[Records excerpted from a collection]
┏━━
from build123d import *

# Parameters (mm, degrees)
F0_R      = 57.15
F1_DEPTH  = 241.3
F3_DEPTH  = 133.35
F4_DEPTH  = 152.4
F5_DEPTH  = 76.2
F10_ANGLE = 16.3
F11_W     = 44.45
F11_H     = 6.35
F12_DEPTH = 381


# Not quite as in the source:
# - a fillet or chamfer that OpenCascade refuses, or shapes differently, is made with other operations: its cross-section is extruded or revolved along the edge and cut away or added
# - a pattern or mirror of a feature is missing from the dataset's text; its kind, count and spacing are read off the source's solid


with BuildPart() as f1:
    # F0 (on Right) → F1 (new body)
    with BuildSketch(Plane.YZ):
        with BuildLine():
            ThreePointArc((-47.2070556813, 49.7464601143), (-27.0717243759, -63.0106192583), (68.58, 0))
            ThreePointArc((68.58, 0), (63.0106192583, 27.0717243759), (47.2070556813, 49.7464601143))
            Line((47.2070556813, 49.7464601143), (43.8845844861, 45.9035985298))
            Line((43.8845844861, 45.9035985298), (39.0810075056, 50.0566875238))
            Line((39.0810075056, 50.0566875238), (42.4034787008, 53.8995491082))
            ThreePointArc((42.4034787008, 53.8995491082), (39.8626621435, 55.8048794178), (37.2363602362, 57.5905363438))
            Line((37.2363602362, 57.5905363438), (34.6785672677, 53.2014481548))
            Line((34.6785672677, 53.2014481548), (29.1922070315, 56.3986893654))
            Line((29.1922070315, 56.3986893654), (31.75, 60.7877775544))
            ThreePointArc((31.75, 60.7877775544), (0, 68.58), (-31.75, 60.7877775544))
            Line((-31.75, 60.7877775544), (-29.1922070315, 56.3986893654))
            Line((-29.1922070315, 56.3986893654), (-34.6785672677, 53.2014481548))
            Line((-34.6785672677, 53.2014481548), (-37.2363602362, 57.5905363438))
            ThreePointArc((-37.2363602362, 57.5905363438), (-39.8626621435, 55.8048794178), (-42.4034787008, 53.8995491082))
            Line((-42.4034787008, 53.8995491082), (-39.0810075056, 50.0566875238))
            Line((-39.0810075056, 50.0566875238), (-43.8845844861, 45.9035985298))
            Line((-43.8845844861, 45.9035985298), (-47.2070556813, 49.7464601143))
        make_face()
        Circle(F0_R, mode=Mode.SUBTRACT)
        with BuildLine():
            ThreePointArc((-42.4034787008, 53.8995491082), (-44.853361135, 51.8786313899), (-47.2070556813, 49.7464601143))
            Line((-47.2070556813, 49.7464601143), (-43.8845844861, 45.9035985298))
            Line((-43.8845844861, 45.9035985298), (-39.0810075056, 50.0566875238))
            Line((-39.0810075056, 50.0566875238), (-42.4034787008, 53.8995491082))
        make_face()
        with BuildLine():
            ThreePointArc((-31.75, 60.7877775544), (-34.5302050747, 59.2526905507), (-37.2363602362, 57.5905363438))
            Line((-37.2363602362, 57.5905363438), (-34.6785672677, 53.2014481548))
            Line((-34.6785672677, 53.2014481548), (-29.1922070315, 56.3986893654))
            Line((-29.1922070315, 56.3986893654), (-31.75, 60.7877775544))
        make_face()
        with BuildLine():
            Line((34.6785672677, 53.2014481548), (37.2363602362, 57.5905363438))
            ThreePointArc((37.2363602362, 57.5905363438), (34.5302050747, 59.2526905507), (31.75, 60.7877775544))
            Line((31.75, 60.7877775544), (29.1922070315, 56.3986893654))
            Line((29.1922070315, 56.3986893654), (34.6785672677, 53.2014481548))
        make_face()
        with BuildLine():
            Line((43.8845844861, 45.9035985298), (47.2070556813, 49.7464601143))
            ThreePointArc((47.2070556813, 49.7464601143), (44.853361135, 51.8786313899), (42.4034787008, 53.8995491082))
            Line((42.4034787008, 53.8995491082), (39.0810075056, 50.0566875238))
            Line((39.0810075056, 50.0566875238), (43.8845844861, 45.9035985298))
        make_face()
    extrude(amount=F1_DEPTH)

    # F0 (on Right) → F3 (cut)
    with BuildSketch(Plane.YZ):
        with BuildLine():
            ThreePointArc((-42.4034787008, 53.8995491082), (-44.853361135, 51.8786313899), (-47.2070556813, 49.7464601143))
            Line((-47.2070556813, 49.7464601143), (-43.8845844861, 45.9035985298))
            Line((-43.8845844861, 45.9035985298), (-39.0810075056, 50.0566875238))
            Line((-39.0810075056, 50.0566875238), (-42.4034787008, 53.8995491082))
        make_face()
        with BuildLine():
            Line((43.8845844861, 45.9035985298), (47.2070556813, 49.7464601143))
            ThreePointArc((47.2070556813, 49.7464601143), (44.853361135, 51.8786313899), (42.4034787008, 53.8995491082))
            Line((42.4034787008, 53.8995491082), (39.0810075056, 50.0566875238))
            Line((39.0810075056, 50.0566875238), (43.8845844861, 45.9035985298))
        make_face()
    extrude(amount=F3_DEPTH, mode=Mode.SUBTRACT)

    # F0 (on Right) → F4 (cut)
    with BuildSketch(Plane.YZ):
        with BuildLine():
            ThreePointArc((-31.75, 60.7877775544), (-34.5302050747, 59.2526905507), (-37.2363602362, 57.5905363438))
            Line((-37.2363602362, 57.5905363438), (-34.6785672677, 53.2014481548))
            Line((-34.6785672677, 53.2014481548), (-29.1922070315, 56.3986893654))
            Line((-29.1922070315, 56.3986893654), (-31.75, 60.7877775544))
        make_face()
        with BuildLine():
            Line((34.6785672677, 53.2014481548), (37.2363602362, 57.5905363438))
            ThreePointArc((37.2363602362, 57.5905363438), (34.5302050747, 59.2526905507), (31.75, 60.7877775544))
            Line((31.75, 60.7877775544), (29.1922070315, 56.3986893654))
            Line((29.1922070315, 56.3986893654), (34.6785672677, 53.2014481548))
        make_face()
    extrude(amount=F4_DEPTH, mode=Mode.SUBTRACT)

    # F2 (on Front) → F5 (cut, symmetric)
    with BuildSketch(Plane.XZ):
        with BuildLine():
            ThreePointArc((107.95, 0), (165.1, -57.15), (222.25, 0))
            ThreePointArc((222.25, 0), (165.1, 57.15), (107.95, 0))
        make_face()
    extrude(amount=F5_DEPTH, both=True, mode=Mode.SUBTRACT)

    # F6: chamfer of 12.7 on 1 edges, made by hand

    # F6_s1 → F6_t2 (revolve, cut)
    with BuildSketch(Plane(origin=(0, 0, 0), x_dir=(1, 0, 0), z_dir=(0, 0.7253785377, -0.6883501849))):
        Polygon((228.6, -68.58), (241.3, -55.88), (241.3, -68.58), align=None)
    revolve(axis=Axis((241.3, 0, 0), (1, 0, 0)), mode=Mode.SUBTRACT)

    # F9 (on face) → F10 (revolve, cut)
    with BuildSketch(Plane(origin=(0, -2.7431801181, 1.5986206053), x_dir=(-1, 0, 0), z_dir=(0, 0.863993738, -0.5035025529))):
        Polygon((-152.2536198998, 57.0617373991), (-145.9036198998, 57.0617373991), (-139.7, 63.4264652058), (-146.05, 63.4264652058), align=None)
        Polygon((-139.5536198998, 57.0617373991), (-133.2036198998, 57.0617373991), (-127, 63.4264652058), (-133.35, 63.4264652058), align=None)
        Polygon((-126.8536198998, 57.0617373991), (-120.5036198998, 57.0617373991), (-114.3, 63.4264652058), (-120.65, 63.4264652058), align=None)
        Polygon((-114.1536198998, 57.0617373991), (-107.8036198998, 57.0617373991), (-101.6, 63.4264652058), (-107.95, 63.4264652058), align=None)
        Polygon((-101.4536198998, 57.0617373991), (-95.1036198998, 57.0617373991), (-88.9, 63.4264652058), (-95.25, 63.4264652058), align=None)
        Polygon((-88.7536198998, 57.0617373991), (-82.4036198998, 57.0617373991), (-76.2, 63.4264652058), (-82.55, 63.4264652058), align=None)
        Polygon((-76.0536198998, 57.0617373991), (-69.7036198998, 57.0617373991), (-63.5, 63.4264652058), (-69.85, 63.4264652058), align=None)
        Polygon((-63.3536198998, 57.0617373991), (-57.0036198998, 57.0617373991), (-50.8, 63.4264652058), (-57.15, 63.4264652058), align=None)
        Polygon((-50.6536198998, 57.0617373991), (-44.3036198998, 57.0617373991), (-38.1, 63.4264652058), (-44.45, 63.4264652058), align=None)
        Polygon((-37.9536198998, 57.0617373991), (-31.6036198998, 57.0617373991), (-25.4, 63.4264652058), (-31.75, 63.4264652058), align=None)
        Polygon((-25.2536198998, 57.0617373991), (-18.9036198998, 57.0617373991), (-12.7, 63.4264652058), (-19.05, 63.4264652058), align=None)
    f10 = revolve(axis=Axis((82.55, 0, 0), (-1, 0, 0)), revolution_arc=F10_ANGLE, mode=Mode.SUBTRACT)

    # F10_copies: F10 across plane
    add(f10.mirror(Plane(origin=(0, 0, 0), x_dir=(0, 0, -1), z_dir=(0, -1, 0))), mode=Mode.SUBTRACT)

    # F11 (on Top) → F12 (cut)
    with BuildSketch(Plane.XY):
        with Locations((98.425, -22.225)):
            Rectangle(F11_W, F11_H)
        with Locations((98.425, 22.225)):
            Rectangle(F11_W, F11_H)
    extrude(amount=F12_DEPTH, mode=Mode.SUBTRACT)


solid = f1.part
┗━━
* What is being asked
Go through the records above. Copy each line in which the string "amount" appears.

* Your response
    extrude(amount=F1_DEPTH)
    extrude(amount=F3_DEPTH, mode=Mode.SUBTRACT)
    extrude(amount=F4_DEPTH, mode=Mode.SUBTRACT)
    extrude(amount=F5_DEPTH, both=True, mode=Mode.SUBTRACT)
    extrude(amount=F12_DEPTH, mode=Mode.SUBTRACT)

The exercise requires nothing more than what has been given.